**RECORDS SUPPLIED:**
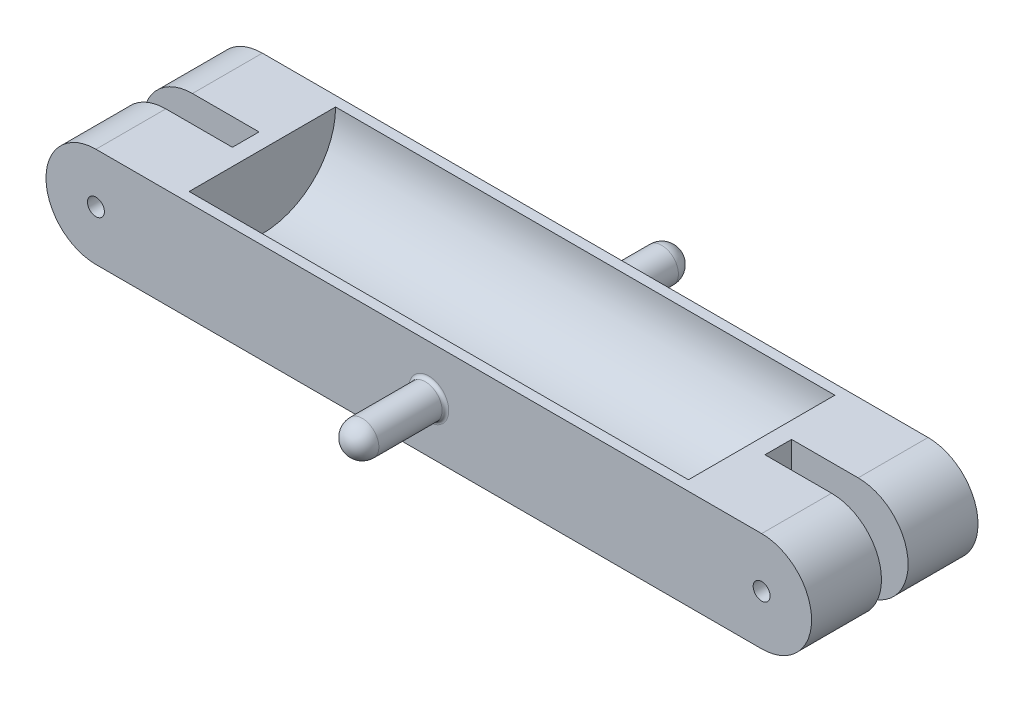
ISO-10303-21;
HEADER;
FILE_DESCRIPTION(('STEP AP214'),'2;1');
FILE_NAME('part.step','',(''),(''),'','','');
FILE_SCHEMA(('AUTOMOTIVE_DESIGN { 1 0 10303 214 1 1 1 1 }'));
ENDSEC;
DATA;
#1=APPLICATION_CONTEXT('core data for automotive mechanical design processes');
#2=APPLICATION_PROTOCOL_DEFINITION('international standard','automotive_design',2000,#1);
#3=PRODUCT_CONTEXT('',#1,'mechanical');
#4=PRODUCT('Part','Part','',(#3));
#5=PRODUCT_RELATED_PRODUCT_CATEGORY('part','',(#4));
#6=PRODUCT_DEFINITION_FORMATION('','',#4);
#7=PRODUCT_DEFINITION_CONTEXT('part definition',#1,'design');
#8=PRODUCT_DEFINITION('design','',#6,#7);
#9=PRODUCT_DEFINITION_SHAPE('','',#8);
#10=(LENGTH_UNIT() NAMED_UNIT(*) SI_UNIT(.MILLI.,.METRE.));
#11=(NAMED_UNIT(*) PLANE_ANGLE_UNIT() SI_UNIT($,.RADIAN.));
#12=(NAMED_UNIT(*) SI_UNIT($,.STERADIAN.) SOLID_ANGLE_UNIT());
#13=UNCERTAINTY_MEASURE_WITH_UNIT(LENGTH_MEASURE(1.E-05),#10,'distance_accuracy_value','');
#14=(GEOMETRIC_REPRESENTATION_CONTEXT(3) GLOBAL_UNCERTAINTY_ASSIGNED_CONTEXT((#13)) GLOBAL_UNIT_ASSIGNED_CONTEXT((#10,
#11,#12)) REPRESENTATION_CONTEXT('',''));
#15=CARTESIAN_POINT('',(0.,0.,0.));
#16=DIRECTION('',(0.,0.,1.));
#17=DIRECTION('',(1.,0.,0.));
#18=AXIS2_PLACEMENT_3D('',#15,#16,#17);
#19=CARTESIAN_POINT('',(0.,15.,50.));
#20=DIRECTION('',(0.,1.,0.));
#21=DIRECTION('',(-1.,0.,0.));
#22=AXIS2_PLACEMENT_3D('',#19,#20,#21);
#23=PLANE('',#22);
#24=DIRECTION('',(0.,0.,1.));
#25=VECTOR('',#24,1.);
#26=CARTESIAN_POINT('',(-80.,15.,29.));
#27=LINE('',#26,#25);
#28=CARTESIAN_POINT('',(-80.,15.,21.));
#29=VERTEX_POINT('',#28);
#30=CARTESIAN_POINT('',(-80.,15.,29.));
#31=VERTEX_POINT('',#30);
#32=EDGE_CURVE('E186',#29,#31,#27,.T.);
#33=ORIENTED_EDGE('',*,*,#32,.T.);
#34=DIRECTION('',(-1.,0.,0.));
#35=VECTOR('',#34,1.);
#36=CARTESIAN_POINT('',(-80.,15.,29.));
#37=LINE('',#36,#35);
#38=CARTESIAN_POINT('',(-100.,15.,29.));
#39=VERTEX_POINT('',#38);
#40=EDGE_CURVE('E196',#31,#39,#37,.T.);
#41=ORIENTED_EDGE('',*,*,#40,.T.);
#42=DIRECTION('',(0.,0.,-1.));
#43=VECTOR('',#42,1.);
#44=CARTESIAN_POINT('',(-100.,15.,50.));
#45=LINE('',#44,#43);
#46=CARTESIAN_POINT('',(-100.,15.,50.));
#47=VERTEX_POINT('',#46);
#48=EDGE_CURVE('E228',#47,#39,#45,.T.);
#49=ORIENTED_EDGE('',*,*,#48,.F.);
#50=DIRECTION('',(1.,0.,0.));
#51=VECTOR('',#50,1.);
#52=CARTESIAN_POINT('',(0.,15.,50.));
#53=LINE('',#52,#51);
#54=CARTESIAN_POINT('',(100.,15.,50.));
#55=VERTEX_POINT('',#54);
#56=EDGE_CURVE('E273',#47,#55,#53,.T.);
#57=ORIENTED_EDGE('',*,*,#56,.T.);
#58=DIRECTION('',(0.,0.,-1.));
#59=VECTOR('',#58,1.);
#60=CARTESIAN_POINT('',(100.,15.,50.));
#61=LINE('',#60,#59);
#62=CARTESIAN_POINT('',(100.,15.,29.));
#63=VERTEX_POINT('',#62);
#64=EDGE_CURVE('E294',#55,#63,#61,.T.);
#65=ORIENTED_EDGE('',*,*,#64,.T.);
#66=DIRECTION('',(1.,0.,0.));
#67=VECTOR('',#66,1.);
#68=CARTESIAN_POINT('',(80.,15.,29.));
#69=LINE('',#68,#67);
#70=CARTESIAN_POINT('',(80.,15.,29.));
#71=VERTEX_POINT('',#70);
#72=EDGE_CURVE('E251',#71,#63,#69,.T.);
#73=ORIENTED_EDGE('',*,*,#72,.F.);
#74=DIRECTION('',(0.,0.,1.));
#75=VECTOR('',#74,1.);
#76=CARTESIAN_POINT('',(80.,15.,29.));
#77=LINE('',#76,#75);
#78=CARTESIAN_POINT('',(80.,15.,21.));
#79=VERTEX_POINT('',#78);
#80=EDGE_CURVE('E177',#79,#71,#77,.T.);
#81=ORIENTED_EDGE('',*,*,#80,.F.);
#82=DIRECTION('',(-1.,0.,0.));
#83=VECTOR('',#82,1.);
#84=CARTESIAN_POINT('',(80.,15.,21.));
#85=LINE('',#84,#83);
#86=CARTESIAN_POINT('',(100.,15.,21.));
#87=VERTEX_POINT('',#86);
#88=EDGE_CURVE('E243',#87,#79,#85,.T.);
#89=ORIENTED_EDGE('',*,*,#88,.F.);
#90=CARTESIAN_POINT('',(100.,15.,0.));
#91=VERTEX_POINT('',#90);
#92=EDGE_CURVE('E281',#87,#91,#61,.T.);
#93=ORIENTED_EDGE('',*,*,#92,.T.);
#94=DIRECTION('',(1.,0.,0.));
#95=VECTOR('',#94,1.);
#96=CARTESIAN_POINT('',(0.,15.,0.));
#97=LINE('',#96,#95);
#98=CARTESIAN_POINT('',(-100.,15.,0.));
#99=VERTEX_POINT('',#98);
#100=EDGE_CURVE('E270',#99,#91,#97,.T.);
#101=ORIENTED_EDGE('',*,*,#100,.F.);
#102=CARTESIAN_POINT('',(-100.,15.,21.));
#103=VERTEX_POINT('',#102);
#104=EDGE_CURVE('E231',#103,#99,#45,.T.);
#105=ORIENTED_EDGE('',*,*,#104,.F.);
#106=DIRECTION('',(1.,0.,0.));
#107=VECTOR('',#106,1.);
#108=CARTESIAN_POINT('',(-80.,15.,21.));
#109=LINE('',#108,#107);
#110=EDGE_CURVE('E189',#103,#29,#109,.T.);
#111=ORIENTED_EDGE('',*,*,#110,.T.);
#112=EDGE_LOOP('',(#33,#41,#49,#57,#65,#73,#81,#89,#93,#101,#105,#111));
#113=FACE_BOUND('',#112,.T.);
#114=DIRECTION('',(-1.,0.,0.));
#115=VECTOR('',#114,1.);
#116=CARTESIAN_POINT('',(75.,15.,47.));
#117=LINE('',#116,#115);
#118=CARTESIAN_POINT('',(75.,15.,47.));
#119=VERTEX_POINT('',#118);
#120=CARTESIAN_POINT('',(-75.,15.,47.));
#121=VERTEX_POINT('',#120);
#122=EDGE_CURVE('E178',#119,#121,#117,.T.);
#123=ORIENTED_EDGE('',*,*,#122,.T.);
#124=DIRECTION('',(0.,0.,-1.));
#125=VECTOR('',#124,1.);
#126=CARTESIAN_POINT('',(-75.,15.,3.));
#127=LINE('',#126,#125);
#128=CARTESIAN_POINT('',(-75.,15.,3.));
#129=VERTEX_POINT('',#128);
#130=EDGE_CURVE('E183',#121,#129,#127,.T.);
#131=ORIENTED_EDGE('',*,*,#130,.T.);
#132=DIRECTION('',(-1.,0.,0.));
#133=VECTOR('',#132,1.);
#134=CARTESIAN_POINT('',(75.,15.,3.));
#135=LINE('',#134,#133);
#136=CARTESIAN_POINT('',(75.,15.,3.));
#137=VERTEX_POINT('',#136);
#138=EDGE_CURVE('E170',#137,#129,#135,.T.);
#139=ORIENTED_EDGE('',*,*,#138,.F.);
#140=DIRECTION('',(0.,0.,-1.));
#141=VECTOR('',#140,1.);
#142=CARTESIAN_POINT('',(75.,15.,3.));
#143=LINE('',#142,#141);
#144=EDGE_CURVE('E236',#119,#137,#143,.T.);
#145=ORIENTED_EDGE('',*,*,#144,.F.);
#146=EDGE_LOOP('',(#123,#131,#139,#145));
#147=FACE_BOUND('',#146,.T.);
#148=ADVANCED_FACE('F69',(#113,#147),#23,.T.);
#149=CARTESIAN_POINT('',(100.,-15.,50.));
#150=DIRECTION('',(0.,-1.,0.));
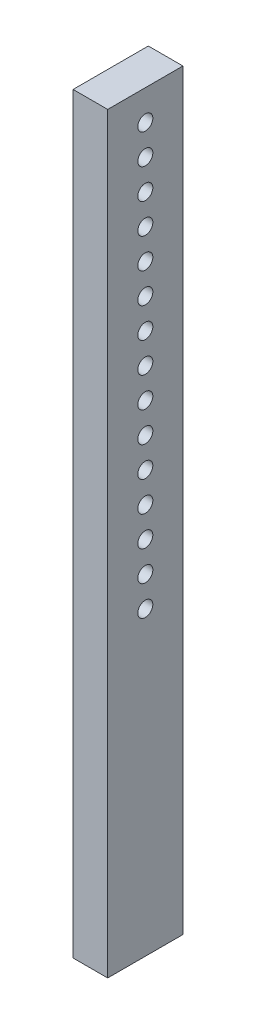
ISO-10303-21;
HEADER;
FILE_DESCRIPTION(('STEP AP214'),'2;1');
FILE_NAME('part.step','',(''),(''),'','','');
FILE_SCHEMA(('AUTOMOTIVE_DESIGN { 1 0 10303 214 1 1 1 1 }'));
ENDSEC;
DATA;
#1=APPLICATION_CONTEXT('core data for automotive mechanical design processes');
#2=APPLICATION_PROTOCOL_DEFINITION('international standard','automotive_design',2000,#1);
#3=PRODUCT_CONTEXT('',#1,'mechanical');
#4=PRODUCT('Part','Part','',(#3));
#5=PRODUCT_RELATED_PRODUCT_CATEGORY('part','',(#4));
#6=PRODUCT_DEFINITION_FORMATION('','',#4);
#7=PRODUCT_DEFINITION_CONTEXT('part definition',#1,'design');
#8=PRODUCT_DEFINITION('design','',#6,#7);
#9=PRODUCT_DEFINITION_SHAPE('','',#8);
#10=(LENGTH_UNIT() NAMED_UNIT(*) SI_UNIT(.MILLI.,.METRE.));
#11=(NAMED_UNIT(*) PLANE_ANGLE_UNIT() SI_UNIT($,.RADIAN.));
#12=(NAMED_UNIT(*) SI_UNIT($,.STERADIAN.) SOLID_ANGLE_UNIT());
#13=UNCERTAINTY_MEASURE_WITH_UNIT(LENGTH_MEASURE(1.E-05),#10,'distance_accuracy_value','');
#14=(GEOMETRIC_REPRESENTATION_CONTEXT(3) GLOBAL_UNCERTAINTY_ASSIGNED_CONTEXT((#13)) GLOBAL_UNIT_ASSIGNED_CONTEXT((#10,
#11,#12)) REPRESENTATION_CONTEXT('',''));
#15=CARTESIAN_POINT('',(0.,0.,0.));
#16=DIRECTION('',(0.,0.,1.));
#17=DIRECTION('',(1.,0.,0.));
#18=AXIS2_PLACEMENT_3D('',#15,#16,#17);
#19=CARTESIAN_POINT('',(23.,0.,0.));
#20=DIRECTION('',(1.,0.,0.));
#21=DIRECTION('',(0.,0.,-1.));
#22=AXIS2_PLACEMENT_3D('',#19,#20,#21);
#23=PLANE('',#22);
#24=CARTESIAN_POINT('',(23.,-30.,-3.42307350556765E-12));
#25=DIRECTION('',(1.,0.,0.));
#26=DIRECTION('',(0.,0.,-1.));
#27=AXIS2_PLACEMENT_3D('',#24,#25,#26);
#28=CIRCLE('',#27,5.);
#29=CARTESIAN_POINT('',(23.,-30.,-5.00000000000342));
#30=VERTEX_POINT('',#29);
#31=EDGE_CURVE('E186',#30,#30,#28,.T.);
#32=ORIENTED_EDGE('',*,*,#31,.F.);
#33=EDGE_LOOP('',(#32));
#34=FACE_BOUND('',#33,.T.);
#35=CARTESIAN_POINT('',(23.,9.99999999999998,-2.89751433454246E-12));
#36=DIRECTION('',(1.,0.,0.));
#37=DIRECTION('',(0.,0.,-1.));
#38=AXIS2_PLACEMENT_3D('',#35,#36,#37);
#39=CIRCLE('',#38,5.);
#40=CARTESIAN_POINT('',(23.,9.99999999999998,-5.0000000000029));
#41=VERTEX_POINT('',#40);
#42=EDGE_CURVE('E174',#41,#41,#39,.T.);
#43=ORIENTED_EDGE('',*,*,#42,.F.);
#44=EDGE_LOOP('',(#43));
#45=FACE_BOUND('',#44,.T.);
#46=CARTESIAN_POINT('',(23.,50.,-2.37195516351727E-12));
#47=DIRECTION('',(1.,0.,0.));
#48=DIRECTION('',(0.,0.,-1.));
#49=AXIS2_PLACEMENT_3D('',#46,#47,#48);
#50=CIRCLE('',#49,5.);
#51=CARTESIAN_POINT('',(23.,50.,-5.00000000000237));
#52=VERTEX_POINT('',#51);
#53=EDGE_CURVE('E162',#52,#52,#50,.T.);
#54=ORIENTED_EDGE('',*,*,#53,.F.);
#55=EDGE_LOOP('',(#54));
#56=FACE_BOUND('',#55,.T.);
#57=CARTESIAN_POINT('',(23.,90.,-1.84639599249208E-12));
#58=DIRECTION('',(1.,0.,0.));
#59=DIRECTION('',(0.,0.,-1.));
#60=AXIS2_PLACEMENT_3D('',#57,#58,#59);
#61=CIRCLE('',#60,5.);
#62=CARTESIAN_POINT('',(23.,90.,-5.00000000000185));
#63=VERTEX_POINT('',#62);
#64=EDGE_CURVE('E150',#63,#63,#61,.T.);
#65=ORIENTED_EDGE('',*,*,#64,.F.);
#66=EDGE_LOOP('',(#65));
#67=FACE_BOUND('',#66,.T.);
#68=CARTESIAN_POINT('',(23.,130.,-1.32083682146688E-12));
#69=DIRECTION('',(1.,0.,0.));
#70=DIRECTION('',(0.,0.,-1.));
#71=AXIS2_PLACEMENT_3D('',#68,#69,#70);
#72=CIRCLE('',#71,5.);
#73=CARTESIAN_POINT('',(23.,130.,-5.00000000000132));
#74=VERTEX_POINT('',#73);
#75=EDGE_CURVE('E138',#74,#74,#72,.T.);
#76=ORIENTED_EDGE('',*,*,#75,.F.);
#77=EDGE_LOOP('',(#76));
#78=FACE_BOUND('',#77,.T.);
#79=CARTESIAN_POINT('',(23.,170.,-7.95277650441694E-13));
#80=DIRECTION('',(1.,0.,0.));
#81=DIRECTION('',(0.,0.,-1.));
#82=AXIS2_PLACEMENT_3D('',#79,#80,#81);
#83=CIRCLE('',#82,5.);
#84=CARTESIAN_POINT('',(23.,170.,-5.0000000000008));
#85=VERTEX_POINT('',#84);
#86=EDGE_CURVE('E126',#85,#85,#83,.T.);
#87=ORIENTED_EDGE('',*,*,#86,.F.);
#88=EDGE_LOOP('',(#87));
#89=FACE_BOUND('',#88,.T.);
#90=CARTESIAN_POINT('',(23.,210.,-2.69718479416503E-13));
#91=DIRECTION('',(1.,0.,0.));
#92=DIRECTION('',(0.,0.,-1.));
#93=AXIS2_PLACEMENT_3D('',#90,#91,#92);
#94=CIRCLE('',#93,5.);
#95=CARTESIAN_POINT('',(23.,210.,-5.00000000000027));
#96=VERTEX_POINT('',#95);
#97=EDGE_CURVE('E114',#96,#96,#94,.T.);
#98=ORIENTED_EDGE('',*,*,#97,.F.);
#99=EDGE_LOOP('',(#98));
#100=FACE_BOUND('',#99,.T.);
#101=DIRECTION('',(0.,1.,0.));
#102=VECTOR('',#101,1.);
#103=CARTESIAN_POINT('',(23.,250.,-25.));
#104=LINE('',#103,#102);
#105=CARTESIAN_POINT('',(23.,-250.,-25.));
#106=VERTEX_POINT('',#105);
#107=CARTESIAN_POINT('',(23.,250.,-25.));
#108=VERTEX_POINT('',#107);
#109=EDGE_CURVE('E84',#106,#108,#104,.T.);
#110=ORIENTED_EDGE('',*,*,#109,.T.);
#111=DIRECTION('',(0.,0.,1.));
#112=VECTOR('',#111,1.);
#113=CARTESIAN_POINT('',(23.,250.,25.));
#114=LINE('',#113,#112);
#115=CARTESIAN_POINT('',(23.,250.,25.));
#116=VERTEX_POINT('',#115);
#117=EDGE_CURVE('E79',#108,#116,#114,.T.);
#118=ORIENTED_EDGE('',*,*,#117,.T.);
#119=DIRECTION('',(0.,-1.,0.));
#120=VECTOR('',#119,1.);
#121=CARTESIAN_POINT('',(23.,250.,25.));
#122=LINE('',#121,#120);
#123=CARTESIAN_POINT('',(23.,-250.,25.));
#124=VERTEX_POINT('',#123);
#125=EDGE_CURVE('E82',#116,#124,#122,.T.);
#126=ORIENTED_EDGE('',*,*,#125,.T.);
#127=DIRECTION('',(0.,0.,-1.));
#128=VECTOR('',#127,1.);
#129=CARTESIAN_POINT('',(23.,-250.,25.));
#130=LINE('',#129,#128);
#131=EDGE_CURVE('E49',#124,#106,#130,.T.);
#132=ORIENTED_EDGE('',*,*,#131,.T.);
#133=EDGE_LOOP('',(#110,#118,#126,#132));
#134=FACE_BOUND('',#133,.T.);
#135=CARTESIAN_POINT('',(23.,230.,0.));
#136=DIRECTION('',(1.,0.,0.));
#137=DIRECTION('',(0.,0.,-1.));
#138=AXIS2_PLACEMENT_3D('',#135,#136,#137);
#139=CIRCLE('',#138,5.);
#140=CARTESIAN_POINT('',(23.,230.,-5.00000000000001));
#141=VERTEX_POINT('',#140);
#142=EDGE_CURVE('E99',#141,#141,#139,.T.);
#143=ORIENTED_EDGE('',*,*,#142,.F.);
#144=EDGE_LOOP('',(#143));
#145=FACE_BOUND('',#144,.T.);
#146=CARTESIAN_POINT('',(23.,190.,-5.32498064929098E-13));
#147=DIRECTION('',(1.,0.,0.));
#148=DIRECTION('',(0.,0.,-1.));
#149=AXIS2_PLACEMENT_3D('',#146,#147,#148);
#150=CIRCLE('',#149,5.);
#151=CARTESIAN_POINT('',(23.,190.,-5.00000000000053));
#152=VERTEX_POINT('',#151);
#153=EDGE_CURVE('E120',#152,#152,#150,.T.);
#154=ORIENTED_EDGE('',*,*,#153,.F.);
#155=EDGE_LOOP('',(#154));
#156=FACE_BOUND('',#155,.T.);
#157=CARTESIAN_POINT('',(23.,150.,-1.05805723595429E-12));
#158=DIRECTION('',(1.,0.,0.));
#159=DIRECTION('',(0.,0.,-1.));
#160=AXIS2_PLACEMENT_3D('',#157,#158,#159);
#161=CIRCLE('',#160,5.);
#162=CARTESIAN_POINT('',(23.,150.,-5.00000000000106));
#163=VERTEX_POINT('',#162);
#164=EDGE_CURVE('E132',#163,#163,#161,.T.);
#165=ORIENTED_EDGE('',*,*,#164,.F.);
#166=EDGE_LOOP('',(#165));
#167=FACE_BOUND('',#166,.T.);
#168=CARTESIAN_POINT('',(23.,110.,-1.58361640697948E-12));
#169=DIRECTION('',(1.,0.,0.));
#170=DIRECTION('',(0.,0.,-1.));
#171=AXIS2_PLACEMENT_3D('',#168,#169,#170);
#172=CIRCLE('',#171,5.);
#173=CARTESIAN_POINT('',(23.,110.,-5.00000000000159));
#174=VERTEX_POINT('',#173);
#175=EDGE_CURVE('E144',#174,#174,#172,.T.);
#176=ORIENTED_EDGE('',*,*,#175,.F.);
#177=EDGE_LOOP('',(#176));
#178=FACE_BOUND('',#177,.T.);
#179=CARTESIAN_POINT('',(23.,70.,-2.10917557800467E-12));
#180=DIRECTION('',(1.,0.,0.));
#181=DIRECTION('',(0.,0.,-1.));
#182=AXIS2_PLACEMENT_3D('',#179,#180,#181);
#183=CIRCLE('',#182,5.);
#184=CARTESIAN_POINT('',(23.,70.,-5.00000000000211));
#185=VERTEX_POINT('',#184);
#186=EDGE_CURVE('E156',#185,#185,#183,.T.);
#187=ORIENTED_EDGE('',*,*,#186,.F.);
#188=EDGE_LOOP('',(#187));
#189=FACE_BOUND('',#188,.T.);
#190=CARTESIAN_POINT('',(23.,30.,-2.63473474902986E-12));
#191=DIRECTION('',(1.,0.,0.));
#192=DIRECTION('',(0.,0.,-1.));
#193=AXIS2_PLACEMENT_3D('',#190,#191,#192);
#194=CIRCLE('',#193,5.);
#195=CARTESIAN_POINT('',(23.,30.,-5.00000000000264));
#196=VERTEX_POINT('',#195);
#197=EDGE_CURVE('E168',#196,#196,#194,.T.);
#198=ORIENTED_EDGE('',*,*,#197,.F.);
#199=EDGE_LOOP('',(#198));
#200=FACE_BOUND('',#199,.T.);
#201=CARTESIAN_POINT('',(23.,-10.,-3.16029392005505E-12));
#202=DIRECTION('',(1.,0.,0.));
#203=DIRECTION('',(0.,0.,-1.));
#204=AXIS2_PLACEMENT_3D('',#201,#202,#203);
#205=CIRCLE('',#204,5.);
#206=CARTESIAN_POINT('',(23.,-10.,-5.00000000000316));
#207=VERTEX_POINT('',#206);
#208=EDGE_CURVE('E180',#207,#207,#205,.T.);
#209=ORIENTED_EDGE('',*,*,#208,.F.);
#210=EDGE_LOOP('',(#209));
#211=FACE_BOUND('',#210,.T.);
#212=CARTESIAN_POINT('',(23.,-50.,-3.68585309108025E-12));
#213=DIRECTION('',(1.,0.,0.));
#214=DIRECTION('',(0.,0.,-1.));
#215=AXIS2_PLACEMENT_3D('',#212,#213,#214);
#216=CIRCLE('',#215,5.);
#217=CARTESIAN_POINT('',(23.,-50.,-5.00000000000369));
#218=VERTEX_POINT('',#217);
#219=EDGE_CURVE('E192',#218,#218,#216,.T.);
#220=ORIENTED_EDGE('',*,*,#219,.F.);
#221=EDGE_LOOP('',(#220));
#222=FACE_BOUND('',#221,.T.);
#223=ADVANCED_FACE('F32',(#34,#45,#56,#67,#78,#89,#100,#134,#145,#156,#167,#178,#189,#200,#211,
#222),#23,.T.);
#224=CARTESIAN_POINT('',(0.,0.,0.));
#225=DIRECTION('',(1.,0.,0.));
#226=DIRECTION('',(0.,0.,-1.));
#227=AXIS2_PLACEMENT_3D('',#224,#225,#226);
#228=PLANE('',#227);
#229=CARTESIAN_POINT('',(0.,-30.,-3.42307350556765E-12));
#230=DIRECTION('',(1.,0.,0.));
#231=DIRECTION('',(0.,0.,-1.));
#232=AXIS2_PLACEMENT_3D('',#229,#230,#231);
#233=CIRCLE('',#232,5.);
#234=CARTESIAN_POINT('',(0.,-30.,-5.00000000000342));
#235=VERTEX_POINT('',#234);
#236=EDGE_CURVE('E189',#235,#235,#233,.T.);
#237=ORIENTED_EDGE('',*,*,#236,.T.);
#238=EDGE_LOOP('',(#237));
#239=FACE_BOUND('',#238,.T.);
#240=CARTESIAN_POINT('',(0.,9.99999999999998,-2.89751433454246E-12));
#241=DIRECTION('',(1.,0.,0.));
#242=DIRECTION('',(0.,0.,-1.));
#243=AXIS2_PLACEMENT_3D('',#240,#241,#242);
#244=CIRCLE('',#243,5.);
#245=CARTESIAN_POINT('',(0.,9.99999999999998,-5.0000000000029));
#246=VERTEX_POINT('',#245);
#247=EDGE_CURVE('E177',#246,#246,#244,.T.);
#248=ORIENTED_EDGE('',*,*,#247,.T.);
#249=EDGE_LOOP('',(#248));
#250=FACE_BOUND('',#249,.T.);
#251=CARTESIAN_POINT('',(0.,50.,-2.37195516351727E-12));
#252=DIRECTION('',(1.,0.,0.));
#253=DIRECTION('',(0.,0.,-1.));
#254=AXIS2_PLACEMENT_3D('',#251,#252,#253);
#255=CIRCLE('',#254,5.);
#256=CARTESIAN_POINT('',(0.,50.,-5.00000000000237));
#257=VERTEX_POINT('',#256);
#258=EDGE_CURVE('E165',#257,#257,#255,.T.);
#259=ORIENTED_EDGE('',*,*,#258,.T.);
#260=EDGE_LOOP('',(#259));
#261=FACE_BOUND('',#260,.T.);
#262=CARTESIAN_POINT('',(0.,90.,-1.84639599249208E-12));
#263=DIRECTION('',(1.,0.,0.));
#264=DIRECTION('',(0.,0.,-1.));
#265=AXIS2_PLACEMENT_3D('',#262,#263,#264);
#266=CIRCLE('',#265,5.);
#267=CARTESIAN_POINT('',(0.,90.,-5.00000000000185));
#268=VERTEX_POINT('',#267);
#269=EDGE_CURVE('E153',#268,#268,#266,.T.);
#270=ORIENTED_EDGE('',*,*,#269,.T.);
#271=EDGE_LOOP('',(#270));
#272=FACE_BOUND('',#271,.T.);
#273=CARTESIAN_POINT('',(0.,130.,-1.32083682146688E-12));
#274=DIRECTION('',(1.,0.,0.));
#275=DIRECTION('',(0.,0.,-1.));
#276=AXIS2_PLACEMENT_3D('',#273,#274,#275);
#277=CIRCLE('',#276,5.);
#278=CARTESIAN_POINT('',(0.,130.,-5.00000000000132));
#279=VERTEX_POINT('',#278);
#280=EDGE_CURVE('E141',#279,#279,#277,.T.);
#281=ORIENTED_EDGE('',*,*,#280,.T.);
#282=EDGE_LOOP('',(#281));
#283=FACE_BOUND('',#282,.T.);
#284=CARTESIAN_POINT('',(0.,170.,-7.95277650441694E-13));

**TASK OBJECTIVE:**
Your answer should be the exact lines above from the one with "#222=FACE_BOUND('',#221,.T.);" through the one with "#259=ORIENTED_EDGE('',*,*,#258,.T.);", both included, and nothing besides.

**RESPONSE TO THIS EXERCISE:**
#222=FACE_BOUND('',#221,.T.);
#223=ADVANCED_FACE('F32',(#34,#45,#56,#67,#78,#89,#100,#134,#145,#156,#167,#178,#189,#200,#211,
#222),#23,.T.);
#224=CARTESIAN_POINT('',(0.,0.,0.));
#225=DIRECTION('',(1.,0.,0.));
#226=DIRECTION('',(0.,0.,-1.));
#227=AXIS2_PLACEMENT_3D('',#224,#225,#226);
#228=PLANE('',#227);
#229=CARTESIAN_POINT('',(0.,-30.,-3.42307350556765E-12));
#230=DIRECTION('',(1.,0.,0.));
#231=DIRECTION('',(0.,0.,-1.));
#232=AXIS2_PLACEMENT_3D('',#229,#230,#231);
#233=CIRCLE('',#232,5.);
#234=CARTESIAN_POINT('',(0.,-30.,-5.00000000000342));
#235=VERTEX_POINT('',#234);
#236=EDGE_CURVE('E189',#235,#235,#233,.T.);
#237=ORIENTED_EDGE('',*,*,#236,.T.);
#238=EDGE_LOOP('',(#237));
#239=FACE_BOUND('',#238,.T.);
#240=CARTESIAN_POINT('',(0.,9.99999999999998,-2.89751433454246E-12));
#241=DIRECTION('',(1.,0.,0.));
#242=DIRECTION('',(0.,0.,-1.));
#243=AXIS2_PLACEMENT_3D('',#240,#241,#242);
#244=CIRCLE('',#243,5.);
#245=CARTESIAN_POINT('',(0.,9.99999999999998,-5.0000000000029));
#246=VERTEX_POINT('',#245);
#247=EDGE_CURVE('E177',#246,#246,#244,.T.);
#248=ORIENTED_EDGE('',*,*,#247,.T.);
#249=EDGE_LOOP('',(#248));
#250=FACE_BOUND('',#249,.T.);
#251=CARTESIAN_POINT('',(0.,50.,-2.37195516351727E-12));
#252=DIRECTION('',(1.,0.,0.));
#253=DIRECTION('',(0.,0.,-1.));
#254=AXIS2_PLACEMENT_3D('',#251,#252,#253);
#255=CIRCLE('',#254,5.);
#256=CARTESIAN_POINT('',(0.,50.,-5.00000000000237));
#257=VERTEX_POINT('',#256);
#258=EDGE_CURVE('E165',#257,#257,#255,.T.);
#259=ORIENTED_EDGE('',*,*,#258,.T.);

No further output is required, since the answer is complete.